Currently, in this matter of going against Custom, decree and common sense, I do not see why  should risk myself and my valuable time on such a quest.


----------



## Yair (Nov 15, 2004)

Ghostknight said:
			
		

> Diamon listens to the request, looking at the Jerbiton mage sceptically as they are tequested to do exactly as he has been forbidden to.
> 
> "You ask for us to go against CUSTOM.  Surely you realise the difficulty this could create for us in working here in the future?  Additionally, while I would like to work well with you, I find little in this request to divert me from my studies or the fact that this library seems woefully understocked in my area of speciality.  If it is an issue of another magus' privacy, I find myself reluctant to go against the custom of both Gormenghast and the Order.  For all we know we could end up walking into his laboratory inadvertently and placing ourselves into his power!
> 
> Currently, in this matter of going against Custom, decree and common sense, I do not see why  should risk myself and my valuable time on such a quest.



Andereine shifts uncomfortably at your answer. I am sorry you feel that way. It was certainly not my intention to divert you from your important studies as I am sure that you will greatly expand Hermetic knowledge. All by yourself.
Ambrosius is my dear parens. Would you have me abandon him to his fate, simply out of respect for precedents? What I suggest is within what we may do under Custom, and under law. I am not suggesting we break into his sanctum!
But yes,  he shrugs, it may not be popular with some people and it will of course distract you from your studies. 
We, no - Gormenghast stands at a crossroads. If we do not seize this moment to reforge it in our own image, to invigorate this ancient edifice with the spirit of youth, then it will become nothing but a mengerie of reclusive wizards, trapped in their stone towers, bereft of all ties to the Hermetic or outside world. But perhaps, this future suits you.


----------



## Ghostknight (Nov 15, 2004)

Yair said:
			
		

> Andereine shifts uncomfortably at your answer. I am sorry you feel that way. It was certainly not my intention to divert you from your important studies as I am sure that you will greatly expand Hermetic knowledge. All by yourself.
> Ambrosius is my dear parens. Would you have me abandon him to his fate, simply out of respect for precedents? What I suggest is within what we may do under Custom, and under law. I am not suggesting we break into his sanctum!





But what you ask is beyond mere precedence.  It goes into the realm of the laws of the Order.  One does not search out another magus' residence or study area willy nilly.  Wizards wars have been called for less!



			
				Yair said:
			
		

> But yes,






			
				Yair said:
			
		

> he shrugs, it may not be popular with some people and it will of course distract you from your studies.
> We, no - Gormenghast stands at a crossroads.
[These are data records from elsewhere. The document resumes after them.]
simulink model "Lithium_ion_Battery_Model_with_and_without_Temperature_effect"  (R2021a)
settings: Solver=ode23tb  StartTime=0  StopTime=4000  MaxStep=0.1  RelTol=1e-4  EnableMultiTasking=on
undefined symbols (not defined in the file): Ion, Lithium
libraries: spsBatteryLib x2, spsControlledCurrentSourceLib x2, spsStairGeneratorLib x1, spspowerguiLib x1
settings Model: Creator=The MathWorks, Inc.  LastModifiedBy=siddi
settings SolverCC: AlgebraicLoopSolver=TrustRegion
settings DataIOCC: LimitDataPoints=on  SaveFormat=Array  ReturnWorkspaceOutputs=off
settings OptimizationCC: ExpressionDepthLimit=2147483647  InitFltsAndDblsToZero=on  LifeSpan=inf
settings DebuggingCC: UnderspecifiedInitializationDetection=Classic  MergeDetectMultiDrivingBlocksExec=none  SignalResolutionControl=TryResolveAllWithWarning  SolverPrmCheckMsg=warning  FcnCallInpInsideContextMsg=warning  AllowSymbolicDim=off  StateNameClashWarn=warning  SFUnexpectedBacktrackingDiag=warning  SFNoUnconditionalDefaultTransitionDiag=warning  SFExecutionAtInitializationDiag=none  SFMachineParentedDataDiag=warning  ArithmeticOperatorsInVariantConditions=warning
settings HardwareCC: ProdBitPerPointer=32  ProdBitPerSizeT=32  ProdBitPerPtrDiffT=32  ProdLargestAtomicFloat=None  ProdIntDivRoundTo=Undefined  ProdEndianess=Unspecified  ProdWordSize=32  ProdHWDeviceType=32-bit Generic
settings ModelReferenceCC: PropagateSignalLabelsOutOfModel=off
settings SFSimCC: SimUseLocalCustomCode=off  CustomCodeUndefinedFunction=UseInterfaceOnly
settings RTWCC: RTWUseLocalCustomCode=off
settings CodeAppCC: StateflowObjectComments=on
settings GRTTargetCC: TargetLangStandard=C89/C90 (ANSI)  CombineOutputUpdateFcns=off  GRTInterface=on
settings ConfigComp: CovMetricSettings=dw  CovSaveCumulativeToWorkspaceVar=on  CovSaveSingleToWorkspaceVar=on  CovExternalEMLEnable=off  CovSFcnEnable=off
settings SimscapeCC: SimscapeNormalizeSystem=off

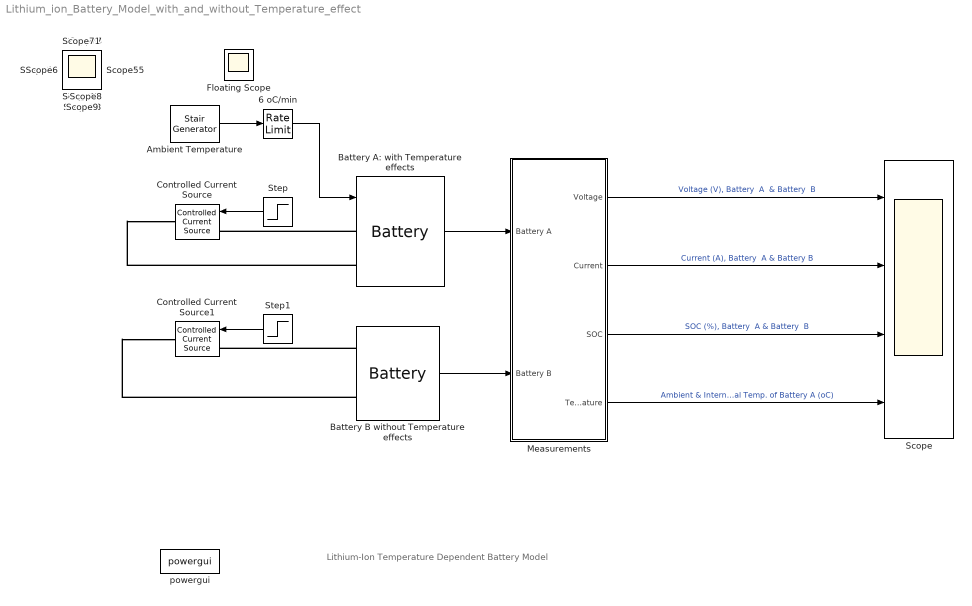
== system Lithium_ion_Battery_Model_with_and_without_Temperature_effect ==
  note: Lithium-Ion Temperature Dependent Battery Model
  6 oC/min : RateLimiter  RisingSlewLimit=0.5  FallingSlewLimit=-0.5  SampleTimeMode=inherited
  Ambient Temperature : spsStairGeneratorLib/Stair Generator  t="[0, 500, 1000 1500  2000 2500]"  e="[20, 20, -20  -20  0 0]"  Ts=0
  Battery A: with Temperature effects : spsBatteryLib/Battery  BatType=Lithium-Ion  ShowTempParam=on  ThermalPreset="7.4V  5.4Ah  (LiCoO2)"  ShowAgeParam=off  NomV=7  NomQ=5.4  SOC=100  Batt_Tr=30  PresetModel=off  MaxQ=5.6  MinV=5.25  FullV=8.3807  Dis_rate=1.1  R=0.0133  Normal_OP=5.2  expZone="[7.9           1]"  current=[6.5 13 32.5]  Units=Time  Tci=20  NomT=20  T2=-30  MaxQ2=4.8  FullV2=7.1  Normal_OP2=5.655  expZone2="[6.58           1]"  Rca=0.6  ti=2000  Dp=0  Neq0=0  Tsim=1e6  Ta1=25  Qeol=5.4*0.9  Reol=0.013333*1.2  Char_age=[2.3478, 3]  Dis_age=[2.3478, 10]  N1=1500  N2=10500  N3=1000  N4=1400  Ta2=45  N5=950
  Battery B without Temperature effects : spsBatteryLib/Battery  BatType=Lithium-Ion  ShowTempParam=off  ThermalPreset=no  ShowAgeParam=off  NomV=7  NomQ=5.4  SOC=100  Batt_Tr=30  PresetModel=off  MaxQ=5.6  MinV=5.25  FullV=8.3807  Dis_rate=1.1  R=0.0133  Normal_OP=5.2  expZone="[7.9    1]"  current=[6.5 13 32.5]  Units=Time  Tci=20  NomT=20  T2=-30  MaxQ2=4.8  FullV2=7.1  Normal_OP2=5.72  expZone2="[6.58  1]"  Rca=0.6  ti=1000  Dp=0  Neq0=0  Tsim=1e6  Ta1=25  Qeol=5.4*0.9  Reol=0.013333*1.2  Char_age=[2.3478, 3]  Dis_age=[2.3478, 10]  N1=1500  N2=10500  N3=1000  N4=1400  Ta2=45  N5=950
  Controlled Current Source : spsControlledCurrentSourceLib/Controlled Current Source  Initialize=on  Source_Type=AC  Amplitude=0  Phase=0  Frequency=0  Measurements=None
  Controlled Current Source1 : spsControlledCurrentSourceLib/Controlled Current Source  Initialize=on  Source_Type=AC  Amplitude=0  Phase=0  Frequency=0  Measurements=None
  Measurements : Subsystem
  "Scope " : Scope  NumInputPorts=4
  Step : Step  Time=2500  Before=2  After=-3  SampleTime=0
  Step1 : Step  Time=2500  Before=2  After=-3  SampleTime=0
  powergui : spspowerguiLib/powergui  SimulationMode=Continuous  SampleTime=0.001  frequency=60  Iterations=50  frequencyindice=0  Pbase=100e6  ErrMax=1e-4  UnitsV=kV  UnitsW=MW  buscounter=0  FunctionMessages=off  echomessages=off  EnableUseOfTLC=off  CurrentSourceSwitches=off  DisableSnubberDevices=off  DisableRonSwitches=off  DisableVfSwitches=off  DisplayEquations=off  AutomaticDiscreteSolvers=off  SolverType=Tustin  Interpol=off  ExternalGateDelay=off  methode=off  Ts=0  x0status=blocks  SPID=off  SwTol=0  HookPort=off  NonlinearTolerance=0  nMaxIteration=15  ContinueOnMaxIteration=off  RestoreLinks=warning  ResistiveCurrentMeasurement=off  Frange=[0:2:500]  Ylog=off  Xlog=on  ShowGrid=off  save=off  variable=ZData  structure=0  ZoomFFT=on  StartTime=0.0  cycles=1  DisplayStyle=1  fundamental=60  FreqAxis=off  MaxFrequency=1000  frequencyindicesteady=1  RmsSteady=1  display=off
  Floating Scope : Scope
  Scope{1..43} (43 alike) : Scope
  wires:
  Ambient Temperature/1 -> 6 oC/min/1
  6 oC/min/1 -> Battery A: with Temperature effects/1
  Step/1 -> Controlled Current Source/1
  Step1/1 -> Controlled Current Source1/1
  Battery A: with Temperature effects/1 -> Measurements/1(Battery A)
  Battery B without Temperature effects/1 -> Measurements/2(Battery B)
  Measurements/1(Voltage) -> "Scope "/1  "Voltage (V), Battery  A  & Battery  B"
  Measurements/2(Current) -> "Scope "/2  "Current (A), Battery  A & Battery B"
  Measurements/3(SOC) -> "Scope "/3  "SOC (%), Battery  A & Battery  B"
  Measurements/4(Temperature) -> "Scope "/4  "Ambient & Internal Temp. of Battery A (oC)"
  connections:
  Battery A: with Temperature effects/LConn2 -- Controlled Current Source/RConn1
  Battery A: with Temperature effects/LConn1 -- Controlled Current Source/LConn1
  Battery B without Temperature effects/LConn1 -- Controlled Current Source1/LConn1
  Battery B without Temperature effects/LConn2 -- Controlled Current Source1/RConn1

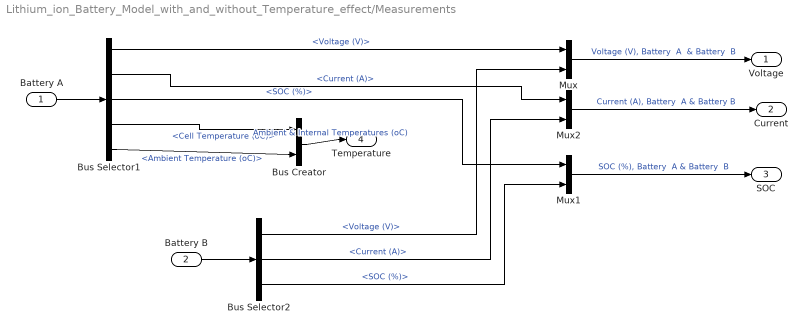
== system Lithium_ion_Battery_Model_with_and_without_Temperature_effect/Measurements ==
  Battery A : Inport
  Battery B : Inport  Port=2
  Bus Creator : BusCreator  Inputs=2
  Bus Selector1 : BusSelector  OutputSignals=Voltage (V),Current (A),SOC (%),Cell Temperature (oC),Ambient Temperature (oC)
  Bus Selector2 : BusSelector  OutputSignals=Voltage (V),Current (A),SOC (%)
  Mux : Mux  Inputs=2
  Mux1 : Mux  Inputs=2
  Mux2 : Mux  Inputs=2
  Voltage : Outport  VectorParamsAs1DForOutWhenUnconnected=off
  Current : Outport  Port=2  VectorParamsAs1DForOutWhenUnconnected=off
  SOC : Outport  Port=3  VectorParamsAs1DForOutWhenUnconnected=off
  Temperature : Outport  Port=4  VectorParamsAs1DForOutWhenUnconnected=off
  wires:
  Bus Selector1/4 -> Bus Creator/1  "<Cell Temperature (oC)>"
  Bus Selector1/5 -> Bus Creator/2  "<Ambient Temperature (oC)>"
  Bus Creator/1 -> Temperature/1  "Ambient & Internal Temperatures (oC)"
  Bus Selector1/3 -> Mux1/1  "<SOC (%)>"
  Battery B/1 -> Bus Selector2/1
  Bus Selector2/3 -> Mux1/2  "<SOC (%)>"
  Mux1/1 -> SOC/1  "SOC (%), Battery  A & Battery  B"
  Mux/1 -> Voltage/1  "Voltage (V), Battery  A  & Battery  B"
  Bus Selector2/1 -> Mux/2  "<Voltage (V)>"
  Bus Selector1/1 -> Mux/1  "<Voltage (V)>"
  Bus Selector1/2 -> Mux2/1  "<Current (A)>"
  Bus Selector2/2 -> Mux2/2  "<Current (A)>"
  Mux2/1 -> Current/1  "Current (A), Battery  A & Battery B"
  Battery A/1 -> Bus Selector1/1

If we do not seize this moment to reforge it in our own image, to invigorate this ancient edifice with the spirit of youth, then it will become nothing but a mengerie of reclusive wizards, trapped in their stone towers, bereft of all ties to the Hermetic or outside world. But perhaps, this future suits you.




Hmmpp.  It is fully my intention to reinvigorate this edifice.  I would see it returned to far reaching glory, a monument to hermetic study, renowned within the Order.  I just question how disobeying the edicts of its ruling council, the laws of the order, and hermetic custom will assist in this endeavor.  We need to forge a positive reputation within the order, not one of a covenant at war within itself and at odds with hermetic custom and law!  

House Jerbiton is renowned for its strong links to myundanes and to one another, perhaps more so than with any other order.  I just question how this activity will help the covenant grow within the order and not just be aquest to satisfy your personal whim!  If I could see HOW this would help to rejuvinate the covenant I would agree, but right now I can only see to it leading to internal and external problems - in direct opposition to your aims of increasing the profile of Gormenghast!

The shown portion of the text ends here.